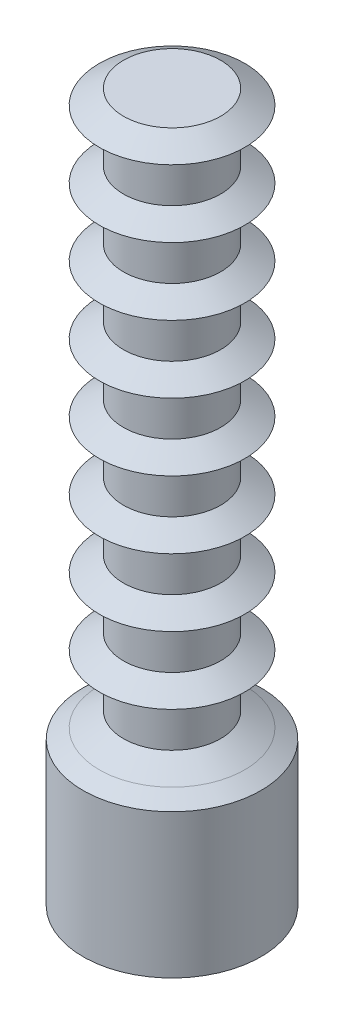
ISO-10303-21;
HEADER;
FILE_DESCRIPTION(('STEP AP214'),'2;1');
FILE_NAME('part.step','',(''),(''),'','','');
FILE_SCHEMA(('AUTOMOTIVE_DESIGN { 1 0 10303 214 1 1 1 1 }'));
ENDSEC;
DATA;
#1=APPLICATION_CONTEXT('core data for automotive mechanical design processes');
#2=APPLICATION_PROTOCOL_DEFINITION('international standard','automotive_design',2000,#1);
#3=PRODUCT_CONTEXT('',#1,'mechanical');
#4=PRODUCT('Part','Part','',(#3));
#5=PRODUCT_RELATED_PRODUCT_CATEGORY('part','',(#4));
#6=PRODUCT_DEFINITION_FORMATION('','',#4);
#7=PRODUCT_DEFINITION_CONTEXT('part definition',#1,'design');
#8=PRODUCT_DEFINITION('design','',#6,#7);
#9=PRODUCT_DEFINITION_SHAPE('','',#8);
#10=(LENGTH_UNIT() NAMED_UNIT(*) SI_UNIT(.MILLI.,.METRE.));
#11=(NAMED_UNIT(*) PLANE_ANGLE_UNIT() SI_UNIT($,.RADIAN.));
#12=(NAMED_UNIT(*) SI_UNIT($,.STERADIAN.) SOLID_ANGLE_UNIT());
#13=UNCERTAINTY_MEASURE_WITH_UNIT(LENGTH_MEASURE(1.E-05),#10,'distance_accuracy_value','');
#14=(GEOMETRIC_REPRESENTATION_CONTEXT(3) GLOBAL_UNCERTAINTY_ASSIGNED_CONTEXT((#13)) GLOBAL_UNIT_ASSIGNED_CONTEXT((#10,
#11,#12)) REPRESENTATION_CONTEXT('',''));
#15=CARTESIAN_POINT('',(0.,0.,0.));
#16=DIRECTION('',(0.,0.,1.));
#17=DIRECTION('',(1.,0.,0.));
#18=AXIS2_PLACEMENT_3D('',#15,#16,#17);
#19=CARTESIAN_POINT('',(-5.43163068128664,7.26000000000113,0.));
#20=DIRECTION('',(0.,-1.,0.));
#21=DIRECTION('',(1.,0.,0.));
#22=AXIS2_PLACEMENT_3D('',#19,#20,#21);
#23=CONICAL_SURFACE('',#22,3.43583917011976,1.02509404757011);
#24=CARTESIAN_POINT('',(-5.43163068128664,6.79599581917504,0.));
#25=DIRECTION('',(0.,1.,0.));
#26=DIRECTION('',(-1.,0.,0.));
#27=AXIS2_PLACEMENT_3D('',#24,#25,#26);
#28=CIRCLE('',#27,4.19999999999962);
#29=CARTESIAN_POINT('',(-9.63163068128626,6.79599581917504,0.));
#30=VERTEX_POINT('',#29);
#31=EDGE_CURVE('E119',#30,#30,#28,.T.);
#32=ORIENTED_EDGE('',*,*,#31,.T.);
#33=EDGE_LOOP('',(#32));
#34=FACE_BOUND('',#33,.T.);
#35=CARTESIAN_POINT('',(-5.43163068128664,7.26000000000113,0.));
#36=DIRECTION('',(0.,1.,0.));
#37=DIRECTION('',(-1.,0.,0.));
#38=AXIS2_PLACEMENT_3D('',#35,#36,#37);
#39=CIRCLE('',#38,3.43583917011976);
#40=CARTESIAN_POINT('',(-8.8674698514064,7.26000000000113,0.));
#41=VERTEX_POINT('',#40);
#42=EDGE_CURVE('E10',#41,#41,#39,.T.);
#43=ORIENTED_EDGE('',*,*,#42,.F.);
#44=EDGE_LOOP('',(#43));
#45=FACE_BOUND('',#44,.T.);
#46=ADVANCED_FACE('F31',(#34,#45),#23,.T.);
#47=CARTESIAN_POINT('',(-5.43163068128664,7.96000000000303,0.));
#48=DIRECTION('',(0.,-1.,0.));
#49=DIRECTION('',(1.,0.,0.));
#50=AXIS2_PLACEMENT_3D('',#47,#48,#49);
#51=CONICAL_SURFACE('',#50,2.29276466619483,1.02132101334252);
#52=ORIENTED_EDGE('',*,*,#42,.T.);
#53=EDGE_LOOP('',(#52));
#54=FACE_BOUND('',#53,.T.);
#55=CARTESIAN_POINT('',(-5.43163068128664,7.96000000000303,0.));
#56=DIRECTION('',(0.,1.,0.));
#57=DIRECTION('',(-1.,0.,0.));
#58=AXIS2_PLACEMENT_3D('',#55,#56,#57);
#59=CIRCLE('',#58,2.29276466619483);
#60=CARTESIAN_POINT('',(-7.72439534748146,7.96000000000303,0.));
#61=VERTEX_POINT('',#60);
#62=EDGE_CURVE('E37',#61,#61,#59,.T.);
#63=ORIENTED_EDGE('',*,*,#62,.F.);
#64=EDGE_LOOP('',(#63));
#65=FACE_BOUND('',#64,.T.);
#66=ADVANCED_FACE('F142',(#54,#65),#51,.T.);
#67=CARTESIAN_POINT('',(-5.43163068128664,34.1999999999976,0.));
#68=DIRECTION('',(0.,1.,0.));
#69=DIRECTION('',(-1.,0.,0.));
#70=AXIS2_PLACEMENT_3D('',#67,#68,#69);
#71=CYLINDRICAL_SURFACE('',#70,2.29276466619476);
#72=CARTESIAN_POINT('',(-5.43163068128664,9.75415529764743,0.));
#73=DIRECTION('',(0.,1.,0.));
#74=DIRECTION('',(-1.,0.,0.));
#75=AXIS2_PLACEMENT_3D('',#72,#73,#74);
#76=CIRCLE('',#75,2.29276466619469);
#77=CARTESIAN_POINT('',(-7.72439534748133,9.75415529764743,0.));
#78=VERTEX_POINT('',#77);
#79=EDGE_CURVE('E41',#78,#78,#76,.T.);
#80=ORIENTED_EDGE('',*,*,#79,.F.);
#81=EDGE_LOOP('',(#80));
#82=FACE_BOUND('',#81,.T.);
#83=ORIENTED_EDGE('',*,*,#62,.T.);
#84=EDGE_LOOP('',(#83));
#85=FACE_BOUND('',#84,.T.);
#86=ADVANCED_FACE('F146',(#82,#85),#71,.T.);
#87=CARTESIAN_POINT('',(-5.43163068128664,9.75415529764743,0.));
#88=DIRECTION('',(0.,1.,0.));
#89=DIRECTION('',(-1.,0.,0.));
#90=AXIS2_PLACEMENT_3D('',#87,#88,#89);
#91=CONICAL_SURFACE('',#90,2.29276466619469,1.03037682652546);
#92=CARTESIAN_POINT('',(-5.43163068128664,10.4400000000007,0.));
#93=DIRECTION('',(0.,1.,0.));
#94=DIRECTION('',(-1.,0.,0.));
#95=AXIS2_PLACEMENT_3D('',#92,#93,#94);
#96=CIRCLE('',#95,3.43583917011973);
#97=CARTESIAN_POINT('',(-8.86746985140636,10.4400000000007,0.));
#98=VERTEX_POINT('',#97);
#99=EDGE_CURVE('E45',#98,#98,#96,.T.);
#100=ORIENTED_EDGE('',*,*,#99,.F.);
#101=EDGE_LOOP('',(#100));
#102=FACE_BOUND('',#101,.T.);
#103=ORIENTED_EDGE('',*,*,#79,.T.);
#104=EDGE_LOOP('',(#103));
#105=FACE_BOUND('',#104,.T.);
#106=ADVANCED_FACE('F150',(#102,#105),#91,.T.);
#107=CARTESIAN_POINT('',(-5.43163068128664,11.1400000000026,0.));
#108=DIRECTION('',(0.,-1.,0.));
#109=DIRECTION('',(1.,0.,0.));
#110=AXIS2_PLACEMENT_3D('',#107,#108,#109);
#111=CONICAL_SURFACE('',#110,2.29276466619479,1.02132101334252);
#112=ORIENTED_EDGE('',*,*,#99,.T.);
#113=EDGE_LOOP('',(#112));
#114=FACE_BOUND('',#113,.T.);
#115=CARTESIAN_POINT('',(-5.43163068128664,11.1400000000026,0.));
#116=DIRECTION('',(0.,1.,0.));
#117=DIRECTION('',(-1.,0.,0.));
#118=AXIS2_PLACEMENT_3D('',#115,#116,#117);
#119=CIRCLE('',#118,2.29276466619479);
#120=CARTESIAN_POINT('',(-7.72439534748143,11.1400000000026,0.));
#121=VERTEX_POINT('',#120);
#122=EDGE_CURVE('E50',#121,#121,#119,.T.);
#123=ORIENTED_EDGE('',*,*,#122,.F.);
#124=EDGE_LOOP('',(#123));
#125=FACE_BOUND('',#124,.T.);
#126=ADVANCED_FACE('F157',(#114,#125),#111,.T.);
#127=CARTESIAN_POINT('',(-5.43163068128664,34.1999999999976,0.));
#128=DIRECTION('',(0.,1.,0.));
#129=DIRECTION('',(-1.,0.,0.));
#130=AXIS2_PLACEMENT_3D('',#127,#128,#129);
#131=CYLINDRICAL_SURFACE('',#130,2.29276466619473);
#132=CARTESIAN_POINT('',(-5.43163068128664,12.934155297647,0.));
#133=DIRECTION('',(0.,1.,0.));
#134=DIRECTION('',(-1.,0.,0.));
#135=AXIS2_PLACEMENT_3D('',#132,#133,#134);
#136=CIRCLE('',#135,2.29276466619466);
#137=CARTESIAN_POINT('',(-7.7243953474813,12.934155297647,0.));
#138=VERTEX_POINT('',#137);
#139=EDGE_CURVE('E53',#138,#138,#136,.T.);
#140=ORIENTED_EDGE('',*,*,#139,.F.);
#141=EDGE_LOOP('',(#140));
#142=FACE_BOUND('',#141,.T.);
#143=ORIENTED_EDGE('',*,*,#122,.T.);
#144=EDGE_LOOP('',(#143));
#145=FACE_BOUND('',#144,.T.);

**WHAT YOU HAVE TO DO**
Your response should be the exact lines running from the one with "#131=CYLINDRICAL_SURFACE('',#130,2.29276466619473);" to the final line of the material above.

**REPLY**
#131=CYLINDRICAL_SURFACE('',#130,2.29276466619473);
#132=CARTESIAN_POINT('',(-5.43163068128664,12.934155297647,0.));
#133=DIRECTION('',(0.,1.,0.));
#134=DIRECTION('',(-1.,0.,0.));
#135=AXIS2_PLACEMENT_3D('',#132,#133,#134);
#136=CIRCLE('',#135,2.29276466619466);
#137=CARTESIAN_POINT('',(-7.7243953474813,12.934155297647,0.));
#138=VERTEX_POINT('',#137);
#139=EDGE_CURVE('E53',#138,#138,#136,.T.);
#140=ORIENTED_EDGE('',*,*,#139,.F.);
#141=EDGE_LOOP('',(#140));
#142=FACE_BOUND('',#141,.T.);
#143=ORIENTED_EDGE('',*,*,#122,.T.);
#144=EDGE_LOOP('',(#143));
#145=FACE_BOUND('',#144,.T.);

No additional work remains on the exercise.